■ Problem requirements: Once you reach the line that contains "PC0, PC1, PC2, PC3, PC4, PC5, PC6, PC7: 1X01", retype it and each later line exactly as written, stopping only at the end of the listing.

■ Task material:
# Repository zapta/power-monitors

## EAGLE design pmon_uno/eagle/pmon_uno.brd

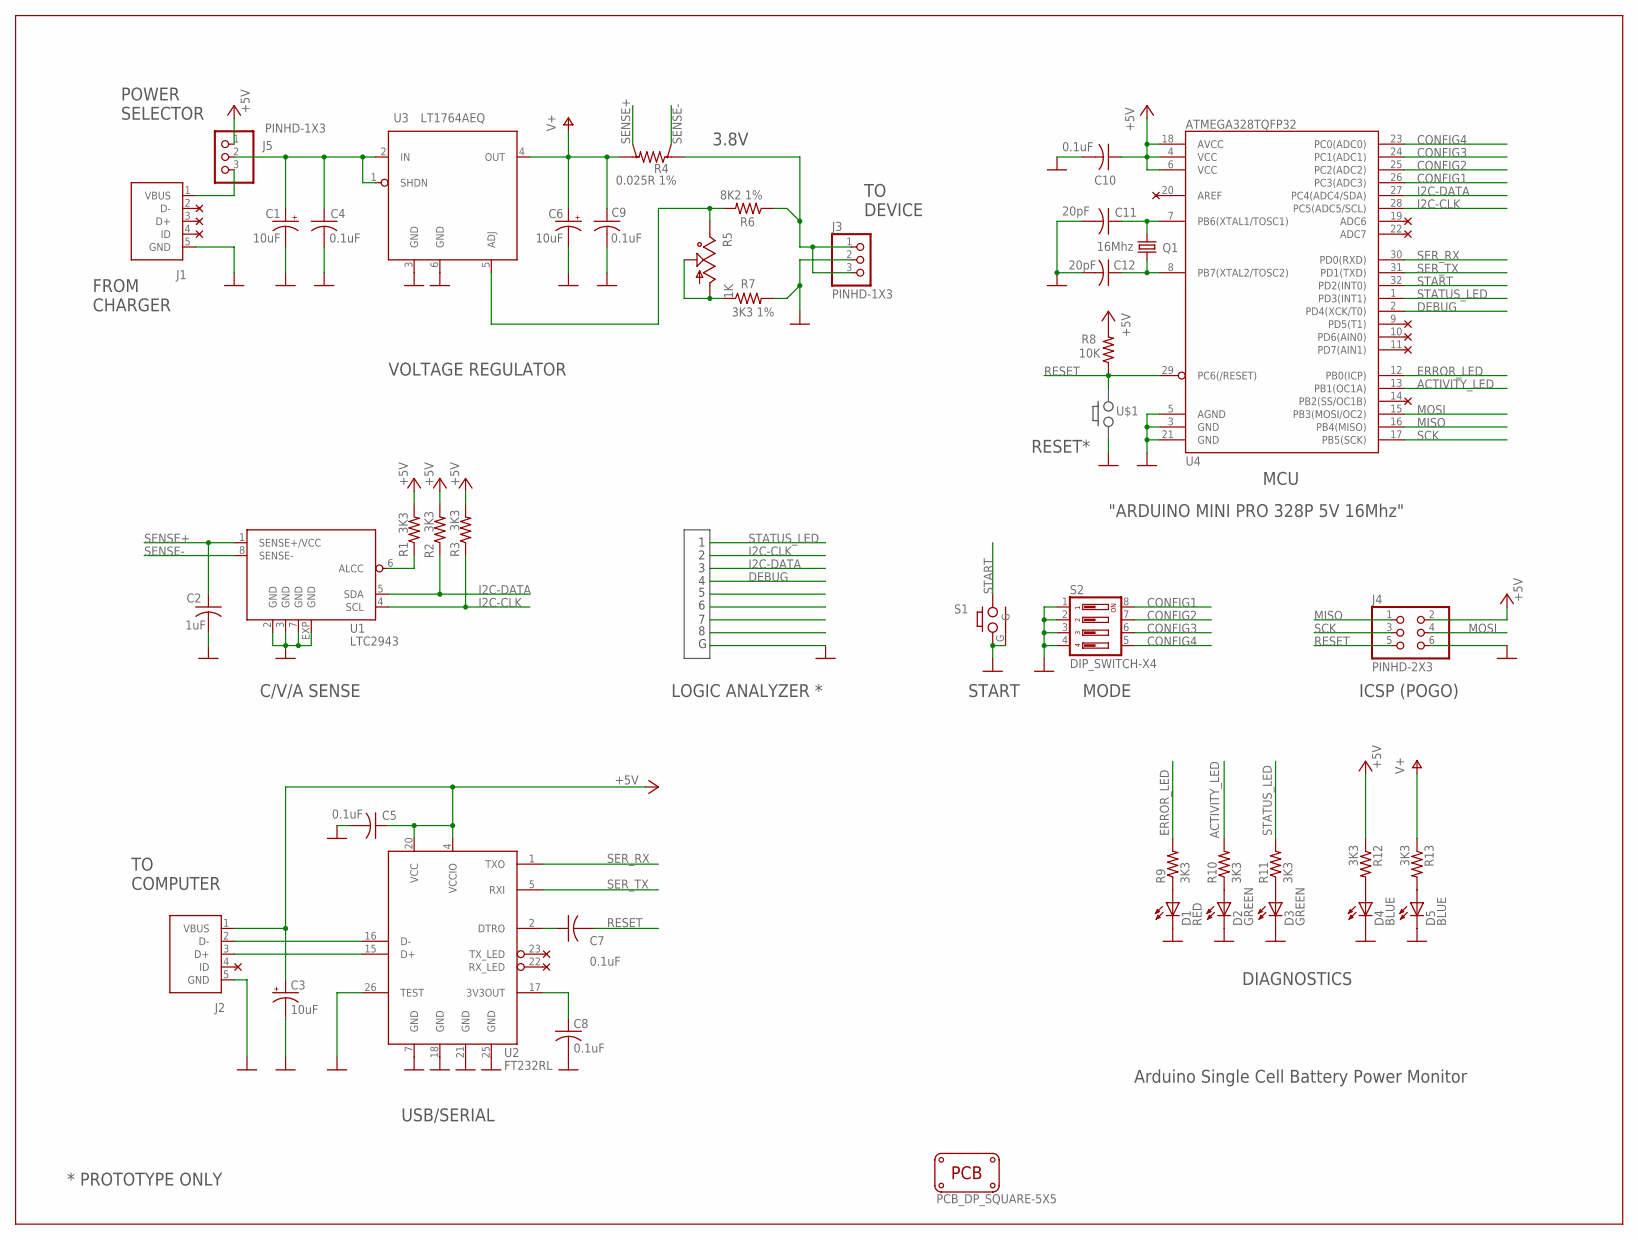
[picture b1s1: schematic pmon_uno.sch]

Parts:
C1, C3, C6: 10uF; A/3216-18R
C2: 1uF; C0603
C4, C5, C7, C8, C9, C10: 0.1uF; C0603
C11, C12: 20pF; C0603
D1: RED; 1206-LED
D2, D3: GREEN; 1206-LED
D4, D5: BLUE; 1206-LED
J1, J2: USB; USB-MICRO-ZX62RD-AB-5P8
J3, J5: PINHD-1X3; 1X03
J4: PINHD-2X3; 2X03
PCB1: PCB_DP_SQUARE-5X5; DP5050_V1
Q1: 16Mhz; CRYSTAL-CTS406
R1, R2, R3, R9, R10, R11, R12, R13: 3K3; R0603
R4: 0.025R 1%; KELVIN-6432
R5: 1K; TRIM-POT_SM-42/43A
R6: 8K2 1%; R0603
R7: 3K3 1%; R0603
R8: 10K; R0603
S1: PUSH_BUTTON_SHIELDED; TLE1105
S2: DIP_SWITCH-X4; DIP-SWITCH-X4
U1: LTC2943; DFN8-3X3
U2: FT232RL; SSOP28DB
U3: LT1764AEQ; TO263-5
U4: ATMEGA328TQFP32; TQFP32-08

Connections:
+5V: C3.+, C5.1, C10.1, J2.1 (VBUS), J4.2, J5.1, R1.2, R2.2, R3.2, R8.2, R12.1, U2.4 (VCCIO), U2.20 (VCC), U4.4 (VCC), U4.6 (VCC), U4.18 (AVCC)
ACTIVITY_LED: R10.2, U4.13 (PB1(OC1A))
CONFIG1: S2.8, U4.26 (PC3(ADC3))
CONFIG2: S2.7, U4.25 (PC2(ADC2))
CONFIG3: S2.6, U4.24 (PC1(ADC1))
CONFIG4: S2.5, U4.23 (PC0(ADC0))
DEBUG: U4.2 (PD4(XCK/T0))
ERROR_LED: R9.2, U4.12 (PB0(ICP))
GND: C1.-, C2.2, C3.-, C4.2, C5.2, C6.-, C8.2, C9.2, C10.2, C11.2, C12.2, D1.C, D2.C, D3.C, D4.C, D5.C, J1.5 (GND), J2.5 (GND), J3.2, J4.6, R7.2, S1.A (1), S1.G, S2.1, S2.2, S2.3, S2.4, U1.2 (GND), U1.3 (GND), U1.7 (GND), U1.EXP (GND), U2.7 (GND), U2.18 (GND), U2.21 (GND), U2.25 (GND), U2.26 (TEST), U3.3 (GND), U3.6 (GND), U4.3 (GND), U4.5 (AGND), U4.21 (GND)
I2C-CLK: R3.1, U1.4 (SCL), U4.28 (PC5(ADC5/SCL))
I2C-DATA: R2.1, U1.5 (SDA), U4.27 (PC4(ADC4/SDA))
MISO: J4.1, U4.16 (PB4(MISO))
MOSI: J4.4, U4.15 (PB3(MOSI/OC2))
unnamed: R1.1, U1.6 (ALCC)
unnamed: C11.1, Q1.1, U4.7 (PB6(XTAL1/TOSC1))
unnamed: D2.A, R10.1
unnamed: D1.A, R9.1
unnamed: J1.1 (VBUS), J5.3
unnamed: C12.1, Q1.3 (2), U4.8 (PB7(XTAL2/TOSC2))
unnamed: C1.+, C4.1, J5.2, U3.1 (SHDN), U3.2 (IN)
unnamed: J2.3 (D+), U2.15 (D+)
unnamed: C7.1, U2.2 (DTRO)
unnamed: D5.A, R13.2
unnamed: J2.2 (D-), U2.16 (D-)
unnamed: C8.1, U2.17 (3V3OUT)
unnamed: D4.A, R12.2
unnamed: R5.1, R5.2, R7.1
unnamed: R5.3, R6.2, U3.5 (ADJ)
unnamed: D3.A, R11.1
unnamed: J3.1, J3.3, R4.I1, R6.1
RESET: C7.2, J4.5, R8.1, U4.29 (PC6(/RESET))
SCK: J4.3, U4.17 (PB5(SCK))
SENSE+: C2.1, R4.V2, U1.1 (SENSE+/VCC)
SENSE-: R4.V1, U1.8 (SENSE-)
SER_RX: U2.1 (TXO), U4.30 (PD0(RXD))
SER_TX: U2.5 (RXI), U4.31 (PD1(TXD))
START: S1.B (2), U4.32 (PD2(INT0))
STATUS_LED: R11.2, U4.1 (PD3(INT1))
V+: C6.+, C9.1, R4.I2, R13.1, U3.4 (OUT)

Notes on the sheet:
USB/SERIAL
ICSP (POGO)
MCU
Arduino Single Cell Battery Power Monitor
DIAGNOSTICS
C/V/A SENSE
VOLTAGE REGULATOR
FROM CHARGER
LOGIC ANALYZER *
TO COMPUTER
TO DEVICE
MODE
3.8V
* PROTOTYPE ONLY
RESET*
"ARDUINO MINI PRO 328P 5V 16Mhz"
START
POWER SELECTOR

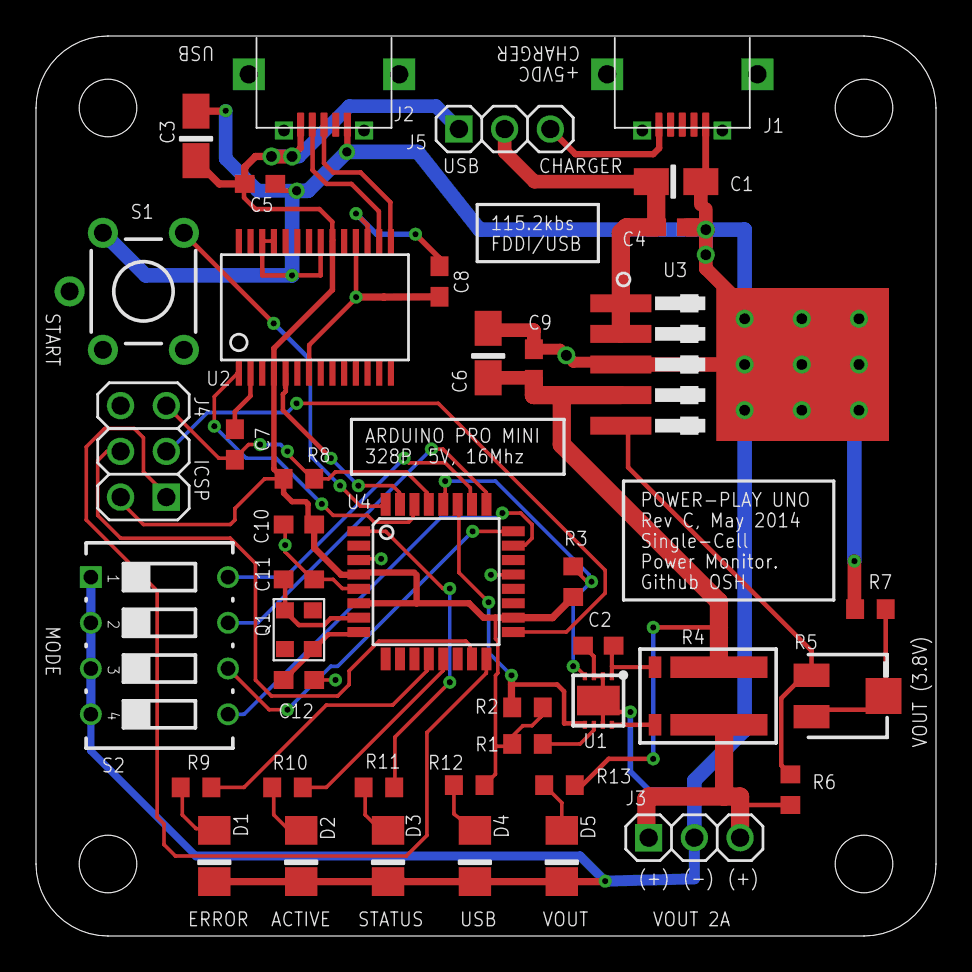
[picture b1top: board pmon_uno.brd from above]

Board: 2 copper layers, 50.0 x 50.0 mm, 43 parts (0 on the bottom side), 38 nets.

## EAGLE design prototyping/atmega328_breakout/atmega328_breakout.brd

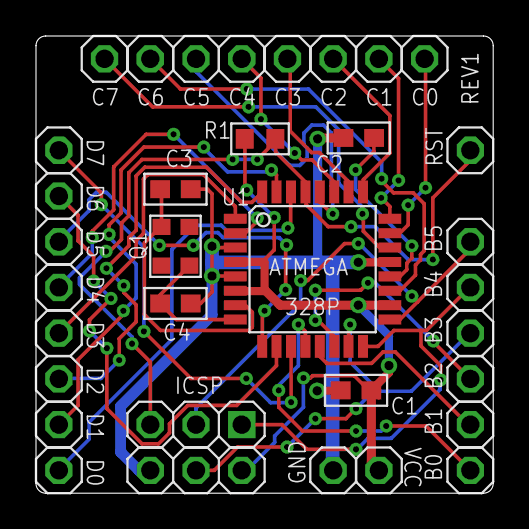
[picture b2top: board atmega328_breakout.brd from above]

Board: 2 copper layers, 25.4 x 25.4 mm, 33 parts (0 on the bottom side), 28 nets.

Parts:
C1, C2: 0.1uF; C0603
C3, C4: 20pF; C0603
GND: 1X01
J1: ICSP
PB0, PB1, PB2, PB3, PB4, PB5: 1X01
PC0, PC1, PC2, PC3, PC4, PC5, PC6, PC7: 1X01
PD0, PD1, PD2, PD3, PD4, PD5, PD6, PD7: 1X01
Q1: 16Mhz; CRYSTAL-CTS406
R1: 10K; R0603
RST: 1X01
U1: ATMEGA328TQFP32; TQFP32-08
VCC: 1X01

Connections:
AREF: C2.1, U1.20
GND: C1.2, C2.2, C3.2, C4.2, GND.1, J1.GND, U1.3, U1.5, U1.21
unnamed: C3.1, Q1.1, U1.7
unnamed: C4.1, Q1.3, U1.8
PB0: PB0.1, U1.12
PB1: PB1.1, U1.13
PB2: PB2.1, U1.14
PB3: J1.MOSI, PB3.1, U1.15
PB4: J1.MISO, PB4.1, U1.16
PB5: J1.SCK, PB5.1, U1.17
PC0: PC0.1, U1.23
PC1: PC1.1, U1.24
PC2: PC2.1, U1.25
PC3: PC3.1, U1.26
PC4: PC4.1, U1.27
PC5: PC5.1, U1.28
PC6: PC6.1, U1.19
PC7: PC7.1, U1.22
PD0: PD0.1, U1.30
PD1: PD1.1, U1.31
PD2: PD2.1, U1.32
PD3: PD3.1, U1.1
PD4: PD4.1, U1.2
PD5: PD5.1, U1.9
PD6: PD6.1, U1.10
PD7: PD7.1, U1.11
RESET: J1.RESET, R1.1, RST.1, U1.29
VCC: C1.1, J1.VCC, R1.2, U1.4, U1.6, U1.18, VCC.1

■ Solution to this exercise:
PC0, PC1, PC2, PC3, PC4, PC5, PC6, PC7: 1X01
PD0, PD1, PD2, PD3, PD4, PD5, PD6, PD7: 1X01
Q1: 16Mhz; CRYSTAL-CTS406
R1: 10K; R0603
RST: 1X01
U1: ATMEGA328TQFP32; TQFP32-08
VCC: 1X01

Connections:
AREF: C2.1, U1.20
GND: C1.2, C2.2, C3.2, C4.2, GND.1, J1.GND, U1.3, U1.5, U1.21
unnamed: C3.1, Q1.1, U1.7
unnamed: C4.1, Q1.3, U1.8
PB0: PB0.1, U1.12
PB1: PB1.1, U1.13
PB2: PB2.1, U1.14
PB3: J1.MOSI, PB3.1, U1.15
PB4: J1.MISO, PB4.1, U1.16
PB5: J1.SCK, PB5.1, U1.17
PC0: PC0.1, U1.23
PC1: PC1.1, U1.24
PC2: PC2.1, U1.25
PC3: PC3.1, U1.26
PC4: PC4.1, U1.27
PC5: PC5.1, U1.28
PC6: PC6.1, U1.19
PC7: PC7.1, U1.22
PD0: PD0.1, U1.30
PD1: PD1.1, U1.31
PD2: PD2.1, U1.32
PD3: PD3.1, U1.1
PD4: PD4.1, U1.2
PD5: PD5.1, U1.9
PD6: PD6.1, U1.10
PD7: PD7.1, U1.11
RESET: J1.RESET, R1.1, RST.1, U1.29
VCC: C1.1, J1.VCC, R1.2, U1.4, U1.6, U1.18, VCC.1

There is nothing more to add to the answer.